Buyers are asking AI assistants which software to buy. I wanted to know whether that changes who gets recommended, so I measured it instead of guessing.
Nine B2B SaaS companies across five categories — project management, product analytics, help desk, knowledge base, CRM. For each one I generated five decision-stage buying questions, ran them through an AI assistant with live web search enabled, and recorded every product named in the answer.
The spread was much wider than I expected.
| Visibility | Company |
|---|---|
| 100% | Missive — shared inbox (named in every answer) |
| 80% | Linear — project management |
| 60% | a Gmail-based CRM |
| 40% | an open-source analytics tool |
| 20% | a knowledge base tool |
| 0% | four companies, across four different categories |
I've named the two strongest performers and anonymised the rest. Publishing a list of companies that scored badly seemed like a hostile thing to do to businesses that never asked to be measured.

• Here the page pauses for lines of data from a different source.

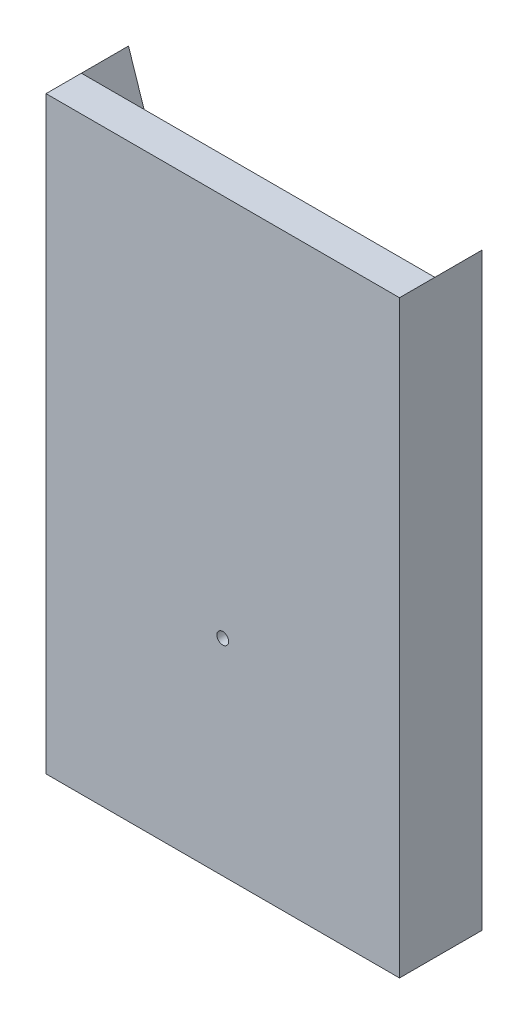
ISO-10303-21;
HEADER;
FILE_DESCRIPTION(('STEP AP214'),'2;1');
FILE_NAME('part.step','',(''),(''),'','','');
FILE_SCHEMA(('AUTOMOTIVE_DESIGN { 1 0 10303 214 1 1 1 1 }'));
ENDSEC;
DATA;
#1=APPLICATION_CONTEXT('core data for automotive mechanical design processes');
#2=APPLICATION_PROTOCOL_DEFINITION('international standard','automotive_design',2000,#1);
#3=PRODUCT_CONTEXT('',#1,'mechanical');
#4=PRODUCT('Part','Part','',(#3));
#5=PRODUCT_RELATED_PRODUCT_CATEGORY('part','',(#4));
#6=PRODUCT_DEFINITION_FORMATION('','',#4);
#7=PRODUCT_DEFINITION_CONTEXT('part definition',#1,'design');
#8=PRODUCT_DEFINITION('design','',#6,#7);
#9=PRODUCT_DEFINITION_SHAPE('','',#8);
#10=(LENGTH_UNIT() NAMED_UNIT(*) SI_UNIT(.MILLI.,.METRE.));
#11=(NAMED_UNIT(*) PLANE_ANGLE_UNIT() SI_UNIT($,.RADIAN.));
#12=(NAMED_UNIT(*) SI_UNIT($,.STERADIAN.) SOLID_ANGLE_UNIT());
#13=UNCERTAINTY_MEASURE_WITH_UNIT(LENGTH_MEASURE(1.E-05),#10,'distance_accuracy_value','');
#14=(GEOMETRIC_REPRESENTATION_CONTEXT(3) GLOBAL_UNCERTAINTY_ASSIGNED_CONTEXT((#13)) GLOBAL_UNIT_ASSIGNED_CONTEXT((#10,
#11,#12)) REPRESENTATION_CONTEXT('',''));
#15=CARTESIAN_POINT('',(0.,0.,0.));
#16=DIRECTION('',(0.,0.,1.));
#17=DIRECTION('',(1.,0.,0.));
#18=AXIS2_PLACEMENT_3D('',#15,#16,#17);
#19=CARTESIAN_POINT('',(0.,0.,0.));
#20=DIRECTION('',(0.,0.,1.));
#21=DIRECTION('',(1.,0.,0.));
#22=AXIS2_PLACEMENT_3D('',#19,#20,#21);
#23=PLANE('',#22);
#24=DIRECTION('',(0.313714078907655,-0.949517496781982,0.));
#25=VECTOR('',#24,1.);
#26=CARTESIAN_POINT('',(0.,0.,0.));
#27=LINE('',#26,#25);
#28=CARTESIAN_POINT('',(0.,0.,0.));
#29=VERTEX_POINT('',#28);
#30=CARTESIAN_POINT('',(44.9946453721645,-136.185163226119,0.));
#31=VERTEX_POINT('',#30);
#32=EDGE_CURVE('E129',#29,#31,#27,.T.);
#33=ORIENTED_EDGE('',*,*,#32,.T.);
#34=CARTESIAN_POINT('',(75.,-162.636603520701,0.));
#35=DIRECTION('',(0.,0.,1.));
#36=DIRECTION('',(1.,0.,0.));
#37=AXIS2_PLACEMENT_3D('',#34,#35,#36);
#38=CIRCLE('',#37,40.);
#39=CARTESIAN_POINT('',(44.9946453721645,-189.088043815283,0.));
#40=VERTEX_POINT('',#39);
#41=EDGE_CURVE('E197',#31,#40,#38,.T.);
#42=ORIENTED_EDGE('',*,*,#41,.T.);
#43=DIRECTION('',(-0.594158454407836,-0.804348016132129,0.));
#44=VECTOR('',#43,1.);
#45=CARTESIAN_POINT('',(44.9946453721645,-189.088043815283,0.));
#46=LINE('',#45,#44);
#47=CARTESIAN_POINT('',(0.,-250.,0.));
#48=VERTEX_POINT('',#47);
#49=EDGE_CURVE('E202',#40,#48,#46,.T.);
#50=ORIENTED_EDGE('',*,*,#49,.T.);
#51=DIRECTION('',(0.,-1.,0.));
#52=VECTOR('',#51,1.);
#53=CARTESIAN_POINT('',(0.,0.,0.));
#54=LINE('',#53,#52);
#55=EDGE_CURVE('E135',#29,#48,#54,.T.);
#56=ORIENTED_EDGE('',*,*,#55,.F.);
#57=EDGE_LOOP('',(#33,#42,#50,#56));
#58=FACE_BOUND('',#57,.T.);
#59=ADVANCED_FACE('F38',(#58),#23,.F.);
#60=DIRECTION('',(-0.594158454407835,0.804348016132129,0.));
#61=VECTOR('',#60,1.);
#62=CARTESIAN_POINT('',(105.005354627836,-189.088043815283,0.));
#63=LINE('',#62,#61);
#64=CARTESIAN_POINT('',(150.,-250.,0.));
#65=VERTEX_POINT('',#64);
#66=CARTESIAN_POINT('',(105.005354627836,-189.088043815283,0.));
#67=VERTEX_POINT('',#66);
#68=EDGE_CURVE('E206',#65,#67,#63,.T.);
#69=ORIENTED_EDGE('',*,*,#68,.T.);
#70=CARTESIAN_POINT('',(75.,-162.636603520701,0.));
#71=DIRECTION('',(0.,0.,1.));
#72=DIRECTION('',(1.,0.,0.));
#73=AXIS2_PLACEMENT_3D('',#70,#71,#72);
#74=CIRCLE('',#73,40.);
#75=CARTESIAN_POINT('',(105.005354627836,-136.185163226119,0.));
#76=VERTEX_POINT('',#75);
#77=EDGE_CURVE('E210',#67,#76,#74,.T.);
#78=ORIENTED_EDGE('',*,*,#77,.T.);
#79=DIRECTION('',(0.313714078907655,0.949517496781982,0.));
#80=VECTOR('',#79,1.);
#81=CARTESIAN_POINT('',(150.,0.,0.));
#82=LINE('',#81,#80);
#83=CARTESIAN_POINT('',(150.,0.,0.));
#84=VERTEX_POINT('',#83);
#85=EDGE_CURVE('E146',#76,#84,#82,.T.);
#86=ORIENTED_EDGE('',*,*,#85,.T.);
#87=DIRECTION('',(0.,1.,0.));
#88=VECTOR('',#87,1.);
#89=CARTESIAN_POINT('',(150.,0.,0.));
#90=LINE('',#89,#88);
#91=EDGE_CURVE('E158',#65,#84,#90,.T.);
#92=ORIENTED_EDGE('',*,*,#91,.F.);
#93=EDGE_LOOP('',(#69,#78,#86,#92));
#94=FACE_BOUND('',#93,.T.);
#95=ADVANCED_FACE('F244',(#94),#23,.F.);
#96=CARTESIAN_POINT('',(0.,0.,35.));
#97=DIRECTION('',(1.,0.,0.));
#98=DIRECTION('',(0.,1.,0.));
#99=AXIS2_PLACEMENT_3D('',#96,#97,#98);
#100=PLANE('',#99);
#101=ORIENTED_EDGE('',*,*,#55,.T.);
#102=DIRECTION('',(0.,0.,-1.));
#103=VECTOR('',#102,1.);
#104=CARTESIAN_POINT('',(0.,-250.,20.));
#105=LINE('',#104,#103);
#106=CARTESIAN_POINT('',(0.,-250.,20.));
#107=VERTEX_POINT('',#106);
#108=EDGE_CURVE('E228',#107,#48,#105,.T.);
#109=ORIENTED_EDGE('',*,*,#108,.F.);
#110=DIRECTION('',(0.,0.,-1.));
#111=VECTOR('',#110,1.);
#112=CARTESIAN_POINT('',(0.,-250.,35.));
#113=LINE('',#112,#111);
#114=CARTESIAN_POINT('',(0.,-250.,35.));
#115=VERTEX_POINT('',#114);
#116=EDGE_CURVE('E11',#115,#107,#113,.T.);
#117=ORIENTED_EDGE('',*,*,#116,.F.);
#118=DIRECTION('',(0.,-1.,0.));
#119=VECTOR('',#118,1.);
#120=CARTESIAN_POINT('',(0.,0.,35.));
#121=LINE('',#120,#119);
#122=CARTESIAN_POINT('',(0.,0.,35.));
#123=VERTEX_POINT('',#122);
#124=EDGE_CURVE('E149',#123,#115,#121,.T.);
#125=ORIENTED_EDGE('',*,*,#124,.F.);
#126=DIRECTION('',(0.,0.,-1.));
#127=VECTOR('',#126,1.);
#128=CARTESIAN_POINT('',(0.,0.,35.));
#129=LINE('',#128,#127);
#130=CARTESIAN_POINT('',(0.,0.,20.));
#131=VERTEX_POINT('',#130);
#132=EDGE_CURVE('E141',#123,#131,#129,.T.);
#133=ORIENTED_EDGE('',*,*,#132,.T.);
#134=DIRECTION('',(0.,0.,-1.));
#135=VECTOR('',#134,1.);
#136=CARTESIAN_POINT('',(0.,0.,20.));
#137=LINE('',#136,#135);
#138=EDGE_CURVE('E126',#131,#29,#137,.T.);
#139=ORIENTED_EDGE('',*,*,#138,.T.);
#140=EDGE_LOOP('',(#101,#109,#117,#125,#133,#139));
#141=FACE_BOUND('',#140,.T.);
#142=ADVANCED_FACE('F40',(#141),#100,.F.);
#143=CARTESIAN_POINT('',(0.,-250.,35.));
#144=DIRECTION('',(0.,1.,0.));
#145=DIRECTION('',(0.,0.,1.));
#146=AXIS2_PLACEMENT_3D('',#143,#144,#145);
#147=PLANE('',#146);
#148=ORIENTED_EDGE('',*,*,#116,.T.);
#149=DIRECTION('',(1.,0.,0.));
#150=VECTOR('',#149,1.);
#151=CARTESIAN_POINT('',(0.,-250.,20.));
#152=LINE('',#151,#150);
#153=CARTESIAN_POINT('',(150.,-250.,20.));
#154=VERTEX_POINT('',#153);
#155=EDGE_CURVE('E175',#107,#154,#152,.T.);
#156=ORIENTED_EDGE('',*,*,#155,.T.);
#157=DIRECTION('',(0.,0.,-1.));
#158=VECTOR('',#157,1.);
#159=CARTESIAN_POINT('',(150.,-250.,35.));
#160=LINE('',#159,#158);
#161=CARTESIAN_POINT('',(150.,-250.,35.));
#162=VERTEX_POINT('',#161);
#163=EDGE_CURVE('E48',#162,#154,#160,.T.);
#164=ORIENTED_EDGE('',*,*,#163,.F.);
#165=DIRECTION('',(1.,0.,0.));
#166=VECTOR('',#165,1.);
#167=CARTESIAN_POINT('',(0.,-250.,35.));
#168=LINE('',#167,#166);
#169=EDGE_CURVE('E173',#115,#162,#168,.T.);
#170=ORIENTED_EDGE('',*,*,#169,.F.);
#171=EDGE_LOOP('',(#148,#156,#164,#170));
#172=FACE_BOUND('',#171,.T.);
#173=ADVANCED_FACE('F172',(#172),#147,.F.);
#174=CARTESIAN_POINT('',(150.,0.,35.));
#175=DIRECTION('',(-1.,0.,0.));
#176=DIRECTION('',(0.,0.,1.));
#177=AXIS2_PLACEMENT_3D('',#174,#175,#176);
#178=PLANE('',#177);
#179=ORIENTED_EDGE('',*,*,#91,.T.);
#180=DIRECTION('',(0.,0.,-1.));
#181=VECTOR('',#180,1.);
#182=CARTESIAN_POINT('',(150.,0.,20.));
#183=LINE('',#182,#181);
#184=CARTESIAN_POINT('',(150.,0.,20.));
#185=VERTEX_POINT('',#184);
#186=EDGE_CURVE('E194',#185,#84,#183,.T.);
#187=ORIENTED_EDGE('',*,*,#186,.F.);
#188=DIRECTION('',(0.,0.,-1.));
#189=VECTOR('',#188,1.);
#190=CARTESIAN_POINT('',(150.,0.,35.));
#191=LINE('',#190,#189);
#192=CARTESIAN_POINT('',(150.,0.,35.));
#193=VERTEX_POINT('',#192);
#194=EDGE_CURVE('E144',#193,#185,#191,.T.);
#195=ORIENTED_EDGE('',*,*,#194,.F.);
#196=DIRECTION('',(0.,1.,0.));
#197=VECTOR('',#196,1.);
#198=CARTESIAN_POINT('',(150.,0.,35.));
#199=LINE('',#198,#197);
#200=EDGE_CURVE('E155',#162,#193,#199,.T.);
#201=ORIENTED_EDGE('',*,*,#200,.F.);
#202=ORIENTED_EDGE('',*,*,#163,.T.);
#203=DIRECTION('',(0.,0.,-1.));
#204=VECTOR('',#203,1.);
#205=CARTESIAN_POINT('',(150.,-250.,20.));
#206=LINE('',#205,#204);
#207=EDGE_CURVE('E168',#154,#65,#206,.T.);
#208=ORIENTED_EDGE('',*,*,#207,.T.);
#209=EDGE_LOOP('',(#179,#187,#195,#201,#202,#208));
#210=FACE_BOUND('',#209,.T.);
#211=ADVANCED_FACE('F167',(#210),#178,.F.);
#212=CARTESIAN_POINT('',(0.,0.,35.));
#213=DIRECTION('',(0.,-1.,0.));
#214=DIRECTION('',(0.,0.,-1.));
#215=AXIS2_PLACEMENT_3D('',#212,#213,#214);
#216=PLANE('',#215);
#217=ORIENTED_EDGE('',*,*,#194,.T.);
#218=DIRECTION('',(-1.,0.,0.));
#219=VECTOR('',#218,1.);
#220=CARTESIAN_POINT('',(0.,0.,20.));
#221=LINE('',#220,#219);
#222=EDGE_CURVE('E117',#185,#131,#221,.T.);
#223=ORIENTED_EDGE('',*,*,#222,.T.);
#224=ORIENTED_EDGE('',*,*,#132,.F.);
#225=DIRECTION('',(-1.,0.,0.));
#226=VECTOR('',#225,1.);
#227=CARTESIAN_POINT('',(0.,0.,35.));
#228=LINE('',#227,#226);
#229=EDGE_CURVE('E55',#193,#123,#228,.T.);
#230=ORIENTED_EDGE('',*,*,#229,.F.);
#231=EDGE_LOOP('',(#217,#223,#224,#230));
#232=FACE_BOUND('',#231,.T.);
#233=ADVANCED_FACE('F140',(#232),#216,.F.);
#234=CARTESIAN_POINT('',(0.,0.,35.));
#235=DIRECTION('',(0.,0.,1.));
#236=DIRECTION('',(1.,0.,0.));
#237=AXIS2_PLACEMENT_3D('',#234,#235,#236);
#238=PLANE('',#237);
#239=CARTESIAN_POINT('',(75.,-162.636603520701,35.));
#240=DIRECTION('',(0.,0.,-1.));
#241=DIRECTION('',(-1.,0.,0.));
#242=AXIS2_PLACEMENT_3D('',#239,#240,#241);
#243=CIRCLE('',#242,2.5);
#244=CARTESIAN_POINT('',(72.5,-162.636603520701,35.));
#245=VERTEX_POINT('',#244);
#246=EDGE_CURVE('E198',#245,#245,#243,.T.);
#247=ORIENTED_EDGE('',*,*,#246,.T.);
#248=EDGE_LOOP('',(#247));
#249=FACE_BOUND('',#248,.T.);
#250=ORIENTED_EDGE('',*,*,#124,.T.);
#251=ORIENTED_EDGE('',*,*,#169,.T.);
#252=ORIENTED_EDGE('',*,*,#200,.T.);
#253=ORIENTED_EDGE('',*,*,#229,.T.);
#254=EDGE_LOOP('',(#250,#251,#252,#253));
#255=FACE_BOUND('',#254,.T.);
#256=ADVANCED_FACE('F275',(#249,#255),#238,.T.);
#257=CARTESIAN_POINT('',(0.,0.,20.));
#258=DIRECTION('',(0.949517496781982,0.313714078907655,0.));
#259=DIRECTION('',(-0.313714078907655,0.949517496781982,0.));
#260=AXIS2_PLACEMENT_3D('',#257,#258,#259);
#261=PLANE('',#260);
#262=ORIENTED_EDGE('',*,*,#32,.F.);
#263=ORIENTED_EDGE('',*,*,#138,.F.);
#264=DIRECTION('',(0.313714078907655,-0.949517496781982,0.));
#265=VECTOR('',#264,1.);
#266=CARTESIAN_POINT('',(0.,0.,20.));
#267=LINE('',#266,#265);
#268=CARTESIAN_POINT('',(44.9946453721645,-136.185163226119,20.));
#269=VERTEX_POINT('',#268);
#270=EDGE_CURVE('E112',#131,#269,#267,.T.);
#271=ORIENTED_EDGE('',*,*,#270,.T.);
#272=DIRECTION('',(0.,0.,-1.));
#273=VECTOR('',#272,1.);
#274=CARTESIAN_POINT('',(44.9946453721645,-136.185163226119,20.));
#275=LINE('',#274,#273);
#276=EDGE_CURVE('E136',#269,#31,#275,.T.);
#277=ORIENTED_EDGE('',*,*,#276,.T.);
#278=EDGE_LOOP('',(#262,#263,#271,#277));
#279=FACE_BOUND('',#278,.T.);
#280=ADVANCED_FACE('F127',(#279),#261,.T.);
#281=CARTESIAN_POINT('',(75.,-162.636603520701,20.));
#282=DIRECTION('',(0.,0.,-1.));
#283=DIRECTION('',(-1.,0.,0.));
#284=AXIS2_PLACEMENT_3D('',#281,#282,#283);
#285=CYLINDRICAL_SURFACE('',#284,40.);
#286=ORIENTED_EDGE('',*,*,#41,.F.);
#287=ORIENTED_EDGE('',*,*,#276,.F.);
#288=CARTESIAN_POINT('',(75.,-162.636603520701,20.));
#289=DIRECTION('',(0.,0.,1.));
#290=DIRECTION('',(1.,0.,0.));
#291=AXIS2_PLACEMENT_3D('',#288,#289,#290);
#292=CIRCLE('',#291,40.);
#293=CARTESIAN_POINT('',(44.9946453721645,-189.088043815283,20.));
#294=VERTEX_POINT('',#293);
#295=EDGE_CURVE('E120',#269,#294,#292,.T.);
#296=ORIENTED_EDGE('',*,*,#295,.T.);
#297=DIRECTION('',(0.,0.,-1.));
#298=VECTOR('',#297,1.);
#299=CARTESIAN_POINT('',(44.9946453721645,-189.088043815283,20.));
#300=LINE('',#299,#298);
#301=EDGE_CURVE('E231',#294,#40,#300,.T.);
#302=ORIENTED_EDGE('',*,*,#301,.T.);
#303=EDGE_LOOP('',(#286,#287,#296,#302));
#304=FACE_BOUND('',#303,.T.);
#305=ADVANCED_FACE('F264',(#304),#285,.F.);
#306=CARTESIAN_POINT('',(44.9946453721645,-189.088043815283,20.));
#307=DIRECTION('',(0.804348016132129,-0.594158454407836,0.));
#308=DIRECTION('',(0.594158454407836,0.804348016132129,0.));
#309=AXIS2_PLACEMENT_3D('',#306,#307,#308);
#310=PLANE('',#309);
#311=ORIENTED_EDGE('',*,*,#49,.F.);
#312=ORIENTED_EDGE('',*,*,#301,.F.);
#313=DIRECTION('',(-0.594158454407836,-0.804348016132129,0.));
#314=VECTOR('',#313,1.);
#315=CARTESIAN_POINT('',(44.9946453721645,-189.088043815283,20.));
#316=LINE('',#315,#314);
#317=EDGE_CURVE('E180',#294,#107,#316,.T.);
#318=ORIENTED_EDGE('',*,*,#317,.T.);
#319=ORIENTED_EDGE('',*,*,#108,.T.);
#320=EDGE_LOOP('',(#311,#312,#318,#319));
#321=FACE_BOUND('',#320,.T.);
#322=ADVANCED_FACE('F257',(#321),#310,.T.);
#323=CARTESIAN_POINT('',(105.005354627836,-189.088043815283,20.));
#324=DIRECTION('',(-0.804348016132129,-0.594158454407836,0.));
#325=DIRECTION('',(0.594158454407836,-0.804348016132129,0.));
#326=AXIS2_PLACEMENT_3D('',#323,#324,#325);
#327=PLANE('',#326);
#328=ORIENTED_EDGE('',*,*,#68,.F.);
#329=ORIENTED_EDGE('',*,*,#207,.F.);
#330=DIRECTION('',(-0.594158454407835,0.804348016132129,0.));
#331=VECTOR('',#330,1.);
#332=CARTESIAN_POINT('',(105.005354627836,-189.088043815283,20.));
#333=LINE('',#332,#331);
#334=CARTESIAN_POINT('',(105.005354627836,-189.088043815283,20.));
#335=VERTEX_POINT('',#334);
#336=EDGE_CURVE('E179',#154,#335,#333,.T.);
#337=ORIENTED_EDGE('',*,*,#336,.T.);
#338=DIRECTION('',(0.,0.,-1.));
#339=VECTOR('',#338,1.);
#340=CARTESIAN_POINT('',(105.005354627836,-189.088043815283,20.));
#341=LINE('',#340,#339);
#342=EDGE_CURVE('E223',#335,#67,#341,.T.);
#343=ORIENTED_EDGE('',*,*,#342,.T.);
#344=EDGE_LOOP('',(#328,#329,#337,#343));
#345=FACE_BOUND('',#344,.T.);
#346=ADVANCED_FACE('F255',(#345),#327,.T.);
#347=CARTESIAN_POINT('',(75.,-162.636603520701,20.));
#348=DIRECTION('',(0.,0.,-1.));
#349=DIRECTION('',(-1.,0.,0.));
#350=AXIS2_PLACEMENT_3D('',#347,#348,#349);
#351=CYLINDRICAL_SURFACE('',#350,40.);
#352=ORIENTED_EDGE('',*,*,#77,.F.);
#353=ORIENTED_EDGE('',*,*,#342,.F.);
#354=CARTESIAN_POINT('',(75.,-162.636603520701,20.));
#355=DIRECTION('',(0.,0.,1.));
#356=DIRECTION('',(1.,0.,0.));
#357=AXIS2_PLACEMENT_3D('',#354,#355,#356);
#358=CIRCLE('',#357,40.);
#359=CARTESIAN_POINT('',(105.005354627836,-136.185163226119,20.));
#360=VERTEX_POINT('',#359);
#361=EDGE_CURVE('E184',#335,#360,#358,.T.);
#362=ORIENTED_EDGE('',*,*,#361,.T.);
#363=DIRECTION('',(0.,0.,-1.));
#364=VECTOR('',#363,1.);
#365=CARTESIAN_POINT('',(105.005354627836,-136.185163226119,20.));
#366=LINE('',#365,#364);
#367=EDGE_CURVE('E220',#360,#76,#366,.T.);
#368=ORIENTED_EDGE('',*,*,#367,.T.);
#369=EDGE_LOOP('',(#352,#353,#362,#368));
#370=FACE_BOUND('',#369,.T.);
#371=ADVANCED_FACE('F253',(#370),#351,.F.);
#372=CARTESIAN_POINT('',(150.,0.,20.));
#373=DIRECTION('',(-0.949517496781982,0.313714078907655,0.));
#374=DIRECTION('',(-0.313714078907655,-0.949517496781982,0.));
#375=AXIS2_PLACEMENT_3D('',#372,#373,#374);
#376=PLANE('',#375);
#377=ORIENTED_EDGE('',*,*,#85,.F.);
#378=ORIENTED_EDGE('',*,*,#367,.F.);
#379=DIRECTION('',(0.313714078907655,0.949517496781982,0.));
#380=VECTOR('',#379,1.);
#381=CARTESIAN_POINT('',(150.,0.,20.));
#382=LINE('',#381,#380);
#383=EDGE_CURVE('E191',#360,#185,#382,.T.);
#384=ORIENTED_EDGE('',*,*,#383,.T.);
#385=ORIENTED_EDGE('',*,*,#186,.T.);
#386=EDGE_LOOP('',(#377,#378,#384,#385));
#387=FACE_BOUND('',#386,.T.);
#388=ADVANCED_FACE('F249',(#387),#376,.T.);
#389=CARTESIAN_POINT('',(75.,-162.636603520701,20.));
#390=DIRECTION('',(0.,0.,1.));
#391=DIRECTION('',(1.,0.,0.));
#392=AXIS2_PLACEMENT_3D('',#389,#390,#391);
#393=PLANE('',#392);
#394=CARTESIAN_POINT('',(75.,-162.636603520701,20.));
#395=DIRECTION('',(0.,0.,-1.));
#396=DIRECTION('',(-1.,0.,0.));
#397=AXIS2_PLACEMENT_3D('',#394,#395,#396);
#398=CIRCLE('',#397,2.5);
#399=CARTESIAN_POINT('',(72.5,-162.636603520701,20.));
#400=VERTEX_POINT('',#399);
#401=EDGE_CURVE('E388',#400,#400,#398,.T.);
#402=ORIENTED_EDGE('',*,*,#401,.F.);
#403=EDGE_LOOP('',(#402));
#404=FACE_BOUND('',#403,.T.);
#405=ORIENTED_EDGE('',*,*,#222,.F.);
#406=ORIENTED_EDGE('',*,*,#383,.F.);
#407=ORIENTED_EDGE('',*,*,#361,.F.);
#408=ORIENTED_EDGE('',*,*,#336,.F.);
#409=ORIENTED_EDGE('',*,*,#155,.F.);
#410=ORIENTED_EDGE('',*,*,#317,.F.);
#411=ORIENTED_EDGE('',*,*,#295,.F.);
#412=ORIENTED_EDGE('',*,*,#270,.F.);
#413=EDGE_LOOP('',(#405,#406,#407,#408,#409,#410,#411,#412));
#414=FACE_BOUND('',#413,.T.);
#415=ADVANCED_FACE('F114',(#404,#414),#393,.F.);
#416=CARTESIAN_POINT('',(75.,-162.636603520701,35.));
#417=DIRECTION('',(0.,0.,-1.));
#418=DIRECTION('',(-1.,0.,0.));
#419=AXIS2_PLACEMENT_3D('',#416,#417,#418);
#420=CYLINDRICAL_SURFACE('',#419,2.5);
#421=ORIENTED_EDGE('',*,*,#246,.F.);
#422=EDGE_LOOP('',(#421));
#423=FACE_BOUND('',#422,.T.);
#424=ORIENTED_EDGE('',*,*,#401,.T.);
#425=EDGE_LOOP('',(#424));
#426=FACE_BOUND('',#425,.T.);
#427=ADVANCED_FACE('F342',(#423,#426),#420,.F.);
#428=CLOSED_SHELL('',(#59,#95,#142,#173,#211,#233,#256,#280,#305,#322,#346,#371,#388,#415,#427));
#429=MANIFOLD_SOLID_BREP('B2',#428);
#430=ADVANCED_BREP_SHAPE_REPRESENTATION('',(#18,#429),#14);
#431=SHAPE_DEFINITION_REPRESENTATION(#9,#430);
ENDSEC;
END-ISO-10303-21;

Four of nine were not named a single time across five buying questions in their own category. Not ranked low. Absent.
There's very little middle. Established companies with years of accumulated content and third-party mentions score high. Newer challengers — including ones with real products, real customers, and well-optimised comparison pages — score zero.
This is not a gentle ranking penalty. In traditional search a challenger sits on page two. In an AI answer there is no page two. You are named or you are not, and four of these nine simply were not.
One company — an open-source analytics tool — had its own website cited as a source in 5 of 5 answers, and was recommended in 2.
The assistant was reading their documentation to learn about the category, then recommending competitors.
Their content is doing the work of educating the model, and someone else is collecting the recommendation. I've started calling this the citation–recommendation gap, and it showed up repeatedly:
Being the page AI reads is not the same as being the answer AI gives. Those are different problems and probably need different fixes.
Reasonable objection, so I tested it. I re-ran one company at 25 questions instead of 5. Visibility was 0% both times — same result, five times the sample.
That's one company, not a proof. But it's evidence the small sample isn't just noise, and it's cheap enough that anyone can replicate it.
Open an AI assistant and ask the question your best customer would ask right before choosing someone in your category. Not "what is a CRM" — something like "best CRM for a 10-person sales team that lives in Gmail."
Count the companies it names. Check whether you're one of them.
That's a 30-second version of what I did, and for four of these nine companies the answer would have been genuinely unpleasant.